Was Longstreet right at Gettysburg?
Longstreet and his defenders were not only traitors to the South, willing to accept loss and move on, they had been right about Gettysburg. And Lee, the great symbol of southern nobility, had been wrong.
Was Longstreet a good general?
Wert concludes that Longstreet was a superb though humanly flawed general. He was certainly the best subordinate commander in Lee’s army and perhaps the best in any army on either side during the Civil War.
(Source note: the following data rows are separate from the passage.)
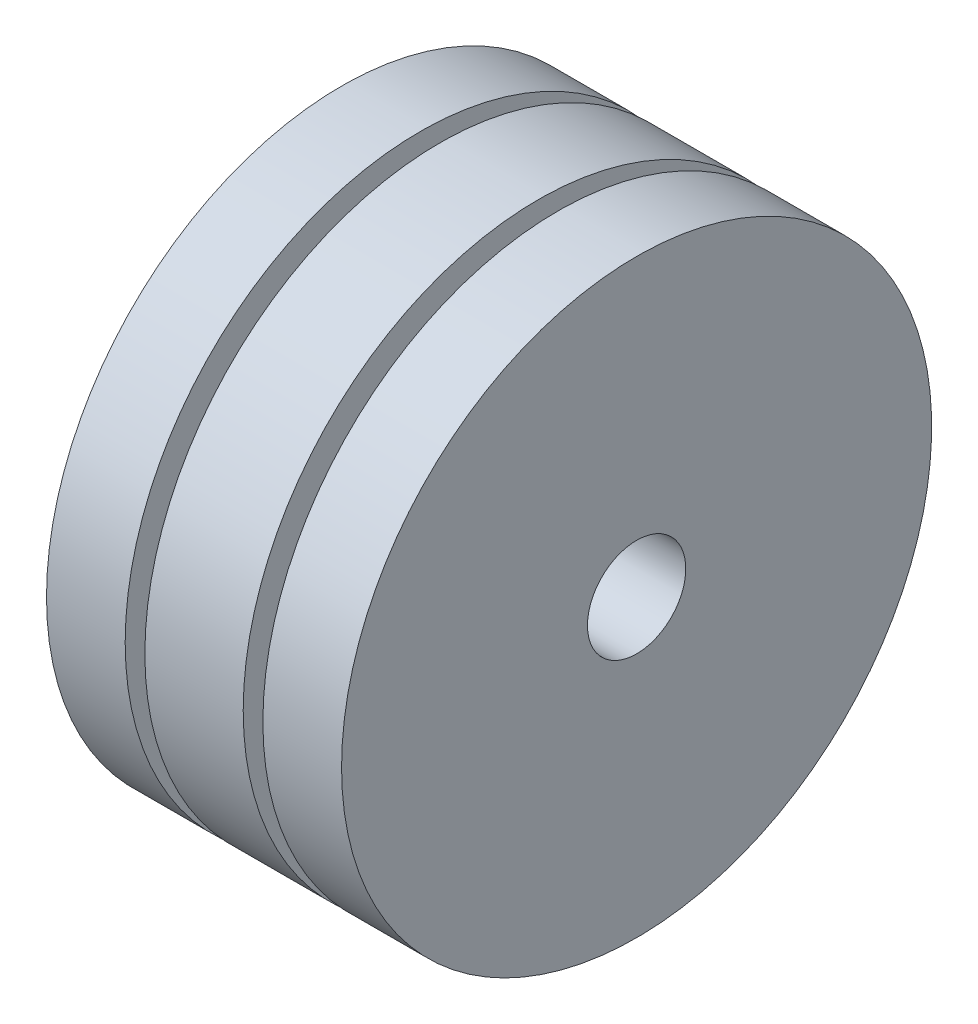
ISO-10303-21;
HEADER;
FILE_DESCRIPTION(('STEP AP214'),'2;1');
FILE_NAME('part.step','',(''),(''),'','','');
FILE_SCHEMA(('AUTOMOTIVE_DESIGN { 1 0 10303 214 1 1 1 1 }'));
ENDSEC;
DATA;
#1=APPLICATION_CONTEXT('core data for automotive mechanical design processes');
#2=APPLICATION_PROTOCOL_DEFINITION('international standard','automotive_design',2000,#1);
#3=PRODUCT_CONTEXT('',#1,'mechanical');
#4=PRODUCT('Part','Part','',(#3));
#5=PRODUCT_RELATED_PRODUCT_CATEGORY('part','',(#4));
#6=PRODUCT_DEFINITION_FORMATION('','',#4);
#7=PRODUCT_DEFINITION_CONTEXT('part definition',#1,'design');
#8=PRODUCT_DEFINITION('design','',#6,#7);
#9=PRODUCT_DEFINITION_SHAPE('','',#8);
#10=(LENGTH_UNIT() NAMED_UNIT(*) SI_UNIT(.MILLI.,.METRE.));
#11=(NAMED_UNIT(*) PLANE_ANGLE_UNIT() SI_UNIT($,.RADIAN.));
#12=(NAMED_UNIT(*) SI_UNIT($,.STERADIAN.) SOLID_ANGLE_UNIT());
#13=UNCERTAINTY_MEASURE_WITH_UNIT(LENGTH_MEASURE(1.E-05),#10,'distance_accuracy_value','');
#14=(GEOMETRIC_REPRESENTATION_CONTEXT(3) GLOBAL_UNCERTAINTY_ASSIGNED_CONTEXT((#13)) GLOBAL_UNIT_ASSIGNED_CONTEXT((#10,
#11,#12)) REPRESENTATION_CONTEXT('',''));
#15=CARTESIAN_POINT('',(0.,0.,0.));
#16=DIRECTION('',(0.,0.,1.));
#17=DIRECTION('',(1.,0.,0.));
#18=AXIS2_PLACEMENT_3D('',#15,#16,#17);
#19=CARTESIAN_POINT('',(-32.4645036974758,0.,-17.5));
#20=DIRECTION('',(-1.,0.,0.));
#21=DIRECTION('',(0.,0.,1.));
#22=AXIS2_PLACEMENT_3D('',#19,#20,#21);
#23=CYLINDRICAL_SURFACE('',#22,30.);
#24=CARTESIAN_POINT('',(15.,0.,-17.5));
#25=DIRECTION('',(-1.,0.,0.));
#26=DIRECTION('',(0.,0.,1.));
#27=AXIS2_PLACEMENT_3D('',#24,#25,#26);
#28=CIRCLE('',#27,30.);
#29=CARTESIAN_POINT('',(15.,0.,12.5));
#30=VERTEX_POINT('',#29);
#31=EDGE_CURVE('E71',#30,#30,#28,.T.);
#32=ORIENTED_EDGE('',*,*,#31,.T.);
#33=EDGE_LOOP('',(#32));
#34=FACE_BOUND('',#33,.T.);
#35=CARTESIAN_POINT('',(7.,0.,-17.5));
#36=DIRECTION('',(-1.,0.,0.));
#37=DIRECTION('',(0.,0.,1.));
#38=AXIS2_PLACEMENT_3D('',#35,#36,#37);
#39=CIRCLE('',#38,30.);
#40=CARTESIAN_POINT('',(7.,0.,12.5));
#41=VERTEX_POINT('',#40);
#42=EDGE_CURVE('E10',#41,#41,#39,.T.);
#43=ORIENTED_EDGE('',*,*,#42,.F.);
#44=EDGE_LOOP('',(#43));
#45=FACE_BOUND('',#44,.T.);
#46=ADVANCED_FACE('F31',(#34,#45),#23,.T.);
#47=CARTESIAN_POINT('',(7.,0.,12.5));
#48=DIRECTION('',(-1.,0.,0.));
#49=DIRECTION('',(0.,0.,1.));
#50=AXIS2_PLACEMENT_3D('',#47,#48,#49);
#51=PLANE('',#50);
#52=ORIENTED_EDGE('',*,*,#42,.T.);
#53=EDGE_LOOP('',(#52));
#54=FACE_BOUND('',#53,.T.);
#55=CARTESIAN_POINT('',(7.,0.,-17.5));
#56=DIRECTION('',(-1.,0.,0.));
#57=DIRECTION('',(0.,0.,1.));
#58=AXIS2_PLACEMENT_3D('',#55,#56,#57);
#59=CIRCLE('',#58,10.);
#60=CARTESIAN_POINT('',(7.,0.,-7.5));
#61=VERTEX_POINT('',#60);
#62=EDGE_CURVE('E37',#61,#61,#59,.T.);
#63=ORIENTED_EDGE('',*,*,#62,.F.);
#64=EDGE_LOOP('',(#63));
#65=FACE_BOUND('',#64,.T.);
#66=ADVANCED_FACE('F89',(#54,#65),#51,.T.);
#67=CARTESIAN_POINT('',(-32.4645036974758,0.,-17.5));
#68=DIRECTION('',(-1.,0.,0.));
#69=DIRECTION('',(0.,0.,1.));
#70=AXIS2_PLACEMENT_3D('',#67,#68,#69);
#71=CYLINDRICAL_SURFACE('',#70,10.);
#72=ORIENTED_EDGE('',*,*,#62,.T.);
#73=EDGE_LOOP('',(#72));
#74=FACE_BOUND('',#73,.T.);
#75=CARTESIAN_POINT('',(5.,0.,-17.5));
#76=DIRECTION('',(-1.,0.,0.));
#77=DIRECTION('',(0.,0.,1.));
#78=AXIS2_PLACEMENT_3D('',#75,#76,#77);
#79=CIRCLE('',#78,10.);
#80=CARTESIAN_POINT('',(5.,0.,-7.5));
#81=VERTEX_POINT('',#80);
#82=EDGE_CURVE('E41',#81,#81,#79,.T.);
#83=ORIENTED_EDGE('',*,*,#82,.F.);
#84=EDGE_LOOP('',(#83));
#85=FACE_BOUND('',#84,.T.);
#86=ADVANCED_FACE('F93',(#74,#85),#71,.T.);
#87=CARTESIAN_POINT('',(5.,0.,12.5));
#88=DIRECTION('',(1.,0.,0.));
#89=DIRECTION('',(0.,0.,-1.));
#90=AXIS2_PLACEMENT_3D('',#87,#88,#89);
#91=PLANE('',#90);
#92=ORIENTED_EDGE('',*,*,#82,.T.);
#93=EDGE_LOOP('',(#92));
#94=FACE_BOUND('',#93,.T.);
#95=CARTESIAN_POINT('',(5.,0.,-17.5));
#96=DIRECTION('',(-1.,0.,0.));
#97=DIRECTION('',(0.,0.,1.));
#98=AXIS2_PLACEMENT_3D('',#95,#96,#97);
#99=CIRCLE('',#98,30.);
#100=CARTESIAN_POINT('',(5.,0.,12.5));
#101=VERTEX_POINT('',#100);
#102=EDGE_CURVE('E45',#101,#101,#99,.T.);
#103=ORIENTED_EDGE('',*,*,#102,.F.);
#104=EDGE_LOOP('',(#103));
#105=FACE_BOUND('',#104,.T.);
#106=ADVANCED_FACE('F97',(#94,#105),#91,.T.);
#107=CARTESIAN_POINT('',(-32.4645036974758,0.,-17.5));
#108=DIRECTION('',(-1.,0.,0.));
#109=DIRECTION('',(0.,0.,1.));
#110=AXIS2_PLACEMENT_3D('',#107,#108,#109);
#111=CYLINDRICAL_SURFACE('',#110,30.);
#112=ORIENTED_EDGE('',*,*,#102,.T.);
#113=EDGE_LOOP('',(#112));
#114=FACE_BOUND('',#113,.T.);
#115=CARTESIAN_POINT('',(-5.,0.,-17.5));
#116=DIRECTION('',(-1.,0.,0.));
#117=DIRECTION('',(0.,0.,1.));
#118=AXIS2_PLACEMENT_3D('',#115,#116,#117);
#119=CIRCLE('',#118,30.);
#120=CARTESIAN_POINT('',(-5.,0.,12.5));
#121=VERTEX_POINT('',#120);
#122=EDGE_CURVE('E50',#121,#121,#119,.T.);
#123=ORIENTED_EDGE('',*,*,#122,.F.);
#124=EDGE_LOOP('',(#123));
#125=FACE_BOUND('',#124,.T.);
#126=ADVANCED_FACE('F103',(#114,#125),#111,.T.);
#127=CARTESIAN_POINT('',(-5.,0.,12.5));
#128=DIRECTION('',(-1.,0.,0.));
#129=DIRECTION('',(0.,0.,1.));
#130=AXIS2_PLACEMENT_3D('',#127,#128,#129);
#131=PLANE('',#130);
#132=ORIENTED_EDGE('',*,*,#122,.T.);
#133=EDGE_LOOP('',(#132));
#134=FACE_BOUND('',#133,.T.);
#135=CARTESIAN_POINT('',(-5.,0.,-17.5));
#136=DIRECTION('',(-1.,0.,0.));
#137=DIRECTION('',(0.,0.,1.));
#138=AXIS2_PLACEMENT_3D('',#135,#136,#137);
#139=CIRCLE('',#138,10.);
#140=CARTESIAN_POINT('',(-5.,0.,-7.5));
#141=VERTEX_POINT('',#140);
#142=EDGE_CURVE('E53',#141,#141,#139,.T.);
#143=ORIENTED_EDGE('',*,*,#142,.F.);
#144=EDGE_LOOP('',(#143));
#145=FACE_BOUND('',#144,.T.);
#146=ADVANCED_FACE('F107',(#134,#145),#131,.T.);
#147=CARTESIAN_POINT('',(-32.4645036974758,0.,-17.5));
#148=DIRECTION('',(-1.,0.,0.));
#149=DIRECTION('',(0.,0.,1.));
#150=AXIS2_PLACEMENT_3D('',#147,#148,#149);
#151=CYLINDRICAL_SURFACE('',#150,10.);
#152=ORIENTED_EDGE('',*,*,#142,.T.);
#153=EDGE_LOOP('',(#152));
#154=FACE_BOUND('',#153,.T.);
#155=CARTESIAN_POINT('',(-7.,0.,-17.5));
#156=DIRECTION('',(-1.,0.,0.));
#157=DIRECTION('',(0.,0.,1.));
#158=AXIS2_PLACEMENT_3D('',#155,#156,#157);
#159=CIRCLE('',#158,10.);
#160=CARTESIAN_POINT('',(-7.,0.,-7.5));
#161=VERTEX_POINT('',#160);
#162=EDGE_CURVE('E56',#161,#161,#159,.T.);
#163=ORIENTED_EDGE('',*,*,#162,.F.);
#164=EDGE_LOOP('',(#163));
#165=FACE_BOUND('',#164,.T.);
#166=ADVANCED_FACE('F111',(#154,#165),#151,.T.);
#167=CARTESIAN_POINT('',(-7.,0.,12.5));
#168=DIRECTION('',(1.,0.,0.));
#169=DIRECTION('',(0.,0.,-1.));
#170=AXIS2_PLACEMENT_3D('',#167,#168,#169);
#171=PLANE('',#170);
#172=ORIENTED_EDGE('',*,*,#162,.T.);
#173=EDGE_LOOP('',(#172));
#174=FACE_BOUND('',#173,.T.);
#175=CARTESIAN_POINT('',(-7.,0.,-17.5));
#176=DIRECTION('',(-1.,0.,0.));
#177=DIRECTION('',(0.,0.,1.));
#178=AXIS2_PLACEMENT_3D('',#175,#176,#177);
#179=CIRCLE('',#178,30.);
#180=CARTESIAN_POINT('',(-7.,0.,12.5));
#181=VERTEX_POINT('',#180);
#182=EDGE_CURVE('E59',#181,#181,#179,.T.);
#183=ORIENTED_EDGE('',*,*,#182,.F.);
#184=EDGE_LOOP('',(#183));
#185=FACE_BOUND('',#184,.T.);
#186=ADVANCED_FACE('F115',(#174,#185),#171,.T.);
#187=CARTESIAN_POINT('',(-32.4645036974758,0.,-17.5));
#188=DIRECTION('',(-1.,0.,0.));
#189=DIRECTION('',(0.,0.,1.));
#190=AXIS2_PLACEMENT_3D('',#187,#188,#189);
#191=CYLINDRICAL_SURFACE('',#190,30.);
#192=ORIENTED_EDGE('',*,*,#182,.T.);
#193=EDGE_LOOP('',(#192));
#194=FACE_BOUND('',#193,.T.);
#195=CARTESIAN_POINT('',(-15.,0.,-17.5));
#196=DIRECTION('',(-1.,0.,0.));
#197=DIRECTION('',(0.,0.,1.));
#198=AXIS2_PLACEMENT_3D('',#195,#196,#197);
#199=CIRCLE('',#198,30.);
#200=CARTESIAN_POINT('',(-15.,0.,12.5));
#201=VERTEX_POINT('',#200);
#202=EDGE_CURVE('E62',#201,#201,#199,.T.);
#203=ORIENTED_EDGE('',*,*,#202,.F.);
#204=EDGE_LOOP('',(#203));
#205=FACE_BOUND('',#204,.T.);
#206=ADVANCED_FACE('F119',(#194,#205),#191,.T.);
#207=CARTESIAN_POINT('',(-15.,0.,-12.5));
#208=DIRECTION('',(-1.,0.,0.));
#209=DIRECTION('',(0.,0.,1.));
#210=AXIS2_PLACEMENT_3D('',#207,#208,#209);
#211=PLANE('',#210);
#212=ORIENTED_EDGE('',*,*,#202,.T.);
#213=EDGE_LOOP('',(#212));
#214=FACE_BOUND('',#213,.T.);
#215=CARTESIAN_POINT('',(-15.,0.,-17.5));
#216=DIRECTION('',(-1.,0.,0.));
#217=DIRECTION('',(0.,0.,1.));
#218=AXIS2_PLACEMENT_3D('',#215,#216,#217);
#219=CIRCLE('',#218,5.);
#220=CARTESIAN_POINT('',(-15.,0.,-12.5));
#221=VERTEX_POINT('',#220);
#222=EDGE_CURVE('E65',#221,#221,#219,.T.);
#223=ORIENTED_EDGE('',*,*,#222,.F.);
#224=EDGE_LOOP('',(#223));
#225=FACE_BOUND('',#224,.T.);
#226=ADVANCED_FACE('F85',(#214,#225),#211,.T.);
#227=CARTESIAN_POINT('',(-32.4645036974758,0.,-17.5));
#228=DIRECTION('',(-1.,0.,0.));
#229=DIRECTION('',(0.,0.,1.));
#230=AXIS2_PLACEMENT_3D('',#227,#228,#229);
#231=CYLINDRICAL_SURFACE('',#230,5.);
#232=ORIENTED_EDGE('',*,*,#222,.T.);
#233=EDGE_LOOP('',(#232));
#234=FACE_BOUND('',#233,.T.);
#235=CARTESIAN_POINT('',(15.,0.,-17.5));
#236=DIRECTION('',(-1.,0.,0.));
#237=DIRECTION('',(0.,0.,1.));
#238=AXIS2_PLACEMENT_3D('',#235,#236,#237);
#239=CIRCLE('',#238,5.);
#240=CARTESIAN_POINT('',(15.,0.,-12.5));
#241=VERTEX_POINT('',#240);
#242=EDGE_CURVE('E68',#241,#241,#239,.T.);
#243=ORIENTED_EDGE('',*,*,#242,.F.);
#244=EDGE_LOOP('',(#243));
#245=FACE_BOUND('',#244,.T.);
#246=ADVANCED_FACE('F79',(#234,#245),#231,.F.);
#247=CARTESIAN_POINT('',(15.,0.,-12.5));
#248=DIRECTION('',(1.,0.,0.));
#249=DIRECTION('',(0.,0.,-1.));
#250=AXIS2_PLACEMENT_3D('',#247,#248,#249);
#251=PLANE('',#250);
#252=ORIENTED_EDGE('',*,*,#242,.T.);
#253=EDGE_LOOP('',(#252));
#254=FACE_BOUND('',#253,.T.);
#255=ORIENTED_EDGE('',*,*,#31,.F.);
#256=EDGE_LOOP('',(#255));
#257=FACE_BOUND('',#256,.T.);
#258=ADVANCED_FACE('F77',(#254,#257),#251,.T.);
#259=CLOSED_SHELL('',(#46,#66,#86,#106,#126,#146,#166,#186,#206,#226,#246,#258));
#260=MANIFOLD_SOLID_BREP('B2',#259);
#261=ADVANCED_BREP_SHAPE_REPRESENTATION('',(#18,#260),#14);
#262=SHAPE_DEFINITION_REPRESENTATION(#9,#261);
ENDSEC;
END-ISO-10303-21;

What happened to Longstreet?
In December 1903, Longstreet traveled to Chicago, Ill, where he underwent “x-ray treatment for a cancerous right eye.” While visiting his daughter in Gainesville, Ga, he contracted pneumonia and died on January 2, 1904, after a profuse hemorrhage.
Was Longstreet a good Confederate?
One of Robert E. Lee’s most trusted subordinates, Longstreet played a pivotal role in Confederate operations in both the Eastern and Western Theaters of the war.
Who took command of the Union 1st Corps after general Reynolds was killed?
Howard- Commanding the Eleventh Corps, this one-armed general took charge of the field after the death of Reynolds and secured Cemetery Hill as the final Union position for which he later received a congressional thanks.
Was Longstreet a Confederate?
James Longstreet was a U.S. Army officer, government official and most famously a lieutenant general in the Confederate Army during the Civil War (1861-65). One of Robert E. Lee’s most trusted subordinates, Longstreet played a pivotal role in Confederate operations in both the Eastern and Western Theaters of the war.
Which generals fought at Gettysburg?
After a great victory over Union forces at Chancellorsville, General Robert E. Lee marched his Army of Northern Virginia into Pennsylvania in late June 1863. On July 1, the advancing Confederates clashed with the Union’s Army of the Potomac, commanded by General George G. Meade, at the crossroads town of Gettysburg.